Alm-alajtmaa-allghwy-lwys-jan-kalfy-pdf 〈SECURE〉
Search in Arabic using quotation marks.
If you find a PDF chapter or book, here are citation examples:
Unlike American sociolinguists (e.g., Labov’s speech community based on shared norms), Calvet defines a linguistic community as: alm-alajtmaa-allghwy-lwys-jan-kalfy-pdf
If you cannot locate the exact PDF for “al-mujtama‘ al-lughawi” by Calvet, consider these alternatives:
Or if referencing the original French: كلفي، ل. ج. (1993). اللسانيات الاجتماعية . باريس: مطبعات الجامعة الفرنسية. Search in Arabic using quotation marks
كلفي، لويس جان. (1993). علم اللغة الاجتماعي . ترجمة (اسم المترجم). دار الطوبقال، الدار البيضاء. (إذا كانت الترجمة متوفرة)

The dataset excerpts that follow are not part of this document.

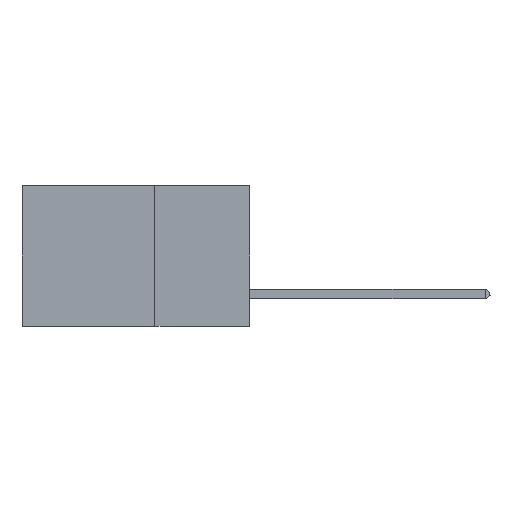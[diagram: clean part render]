
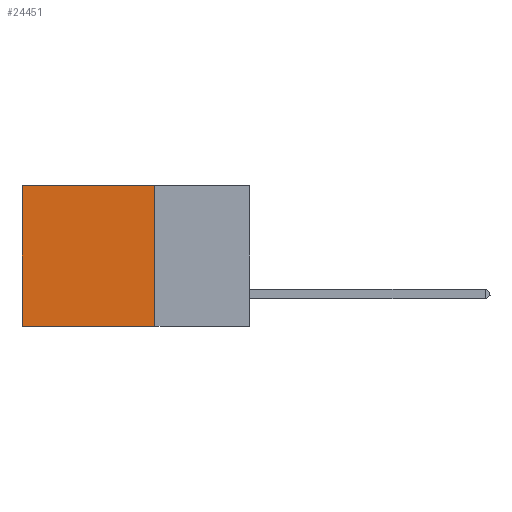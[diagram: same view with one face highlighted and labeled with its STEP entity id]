
A CAD part, left-side view. The second image highlights one B-rep face of the part: STEP entity #24451.
In plain terms, the highlighted planar face has unit normal (-1, 0, 0).
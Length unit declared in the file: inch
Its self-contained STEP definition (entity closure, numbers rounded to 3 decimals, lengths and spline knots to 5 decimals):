
#1982 = CARTESIAN_POINT ( 'NONE',  ( 0.2875, 0.25, -0.37 ) ) ;
#3114 = VERTEX_POINT ( 'NONE', #43888 ) ;
#3796 = CARTESIAN_POINT ( 'NONE',  ( 0.2875, 0.25, 0. ) ) ;
#4672 = CARTESIAN_POINT ( 'NONE',  ( 0.2875, 0.6, 0. ) ) ;
#5256 = PLANE ( 'NONE',  #20118 ) ;
#6414 = VERTEX_POINT ( 'NONE', #1982 ) ;
#8491 = DIRECTION ( 'NONE',  ( 0., 0., -1. ) ) ;
#9032 = CARTESIAN_POINT ( 'NONE',  ( 0.2875, 0.6, 0. ) ) ;
#9302 = LINE ( 'NONE', #35916, #16766 ) ;
#10091 = VERTEX_POINT ( 'NONE', #9032 ) ;
#16766 = VECTOR ( 'NONE', #23807, 39.37008 ) ;
#19122 = EDGE_CURVE ( 'NONE', #6414, #35052, #20885, .T. ) ;
#20118 = AXIS2_PLACEMENT_3D ( 'NONE', #44784, #33350, #45290 ) ;
#20885 = LINE ( 'NONE', #33162, #28305 ) ;
#21217 = EDGE_LOOP ( 'NONE', ( #34585, #32757, #23912, #28666 ) ) ;
#23210 = CARTESIAN_POINT ( 'NONE',  ( 0.2875, 0.6, -0.37 ) ) ;
#23807 = DIRECTION ( 'NONE',  ( 0., 0., -1. ) ) ;
#23912 = ORIENTED_EDGE ( 'NONE', *, *, #39997, .F. ) ;
#23996 = VECTOR ( 'NONE', #27066, 39.37008 ) ;
#24451 = ADVANCED_FACE ( 'NONE', ( #50407 ), #5256, .F. ) ;
#27066 = DIRECTION ( 'NONE',  ( 0., 1., 0. ) ) ;
#28305 = VECTOR ( 'NONE', #48426, 39.37008 ) ;
#28666 = ORIENTED_EDGE ( 'NONE', *, *, #50594, .T. ) ;
#30153 = VECTOR ( 'NONE', #8491, 39.37008 ) ;
#32757 = ORIENTED_EDGE ( 'NONE', *, *, #19122, .F. ) ;
#33162 = CARTESIAN_POINT ( 'NONE',  ( 0.2875, 0.25, -0.37 ) ) ;
#33350 = DIRECTION ( 'NONE',  ( 1., 0., 0. ) ) ;
#34585 = ORIENTED_EDGE ( 'NONE', *, *, #44559, .T. ) ;
#35052 = VERTEX_POINT ( 'NONE', #23210 ) ;
#35916 = CARTESIAN_POINT ( 'NONE',  ( 0.2875, 0.25, 0. ) ) ;
#39997 = EDGE_CURVE ( 'NONE', #3114, #6414, #9302, .T. ) ;
#41931 = LINE ( 'NONE', #4672, #30153 ) ;
#43888 = CARTESIAN_POINT ( 'NONE',  ( 0.2875, 0.25, 0. ) ) ;
#44559 = EDGE_CURVE ( 'NONE', #10091, #35052, #41931, .T. ) ;
#44784 = CARTESIAN_POINT ( 'NONE',  ( 0.2875, 0.25, 0. ) ) ;
#45070 = LINE ( 'NONE', #3796, #23996 ) ;
#45290 = DIRECTION ( 'NONE',  ( 0., 0., -1. ) ) ;
#48426 = DIRECTION ( 'NONE',  ( 0., 1., 0. ) ) ;
#50407 = FACE_OUTER_BOUND ( 'NONE', #21217, .T. ) ;
#50594 = EDGE_CURVE ( 'NONE', #3114, #10091, #45070, .T. ) ;

Calvet famously used the metaphor of (from physics) to describe linguistic communities: a dominant language (like French in Paris, or Standard Arabic in Cairo) acts as a black hole attracting speakers from peripheral languages (e.g., Berber, dialects, immigrant languages). (1993)
“A group of people who share not necessarily the same language, but a common set of linguistic representations and practices, often organized around a dominant language in a given social formation.”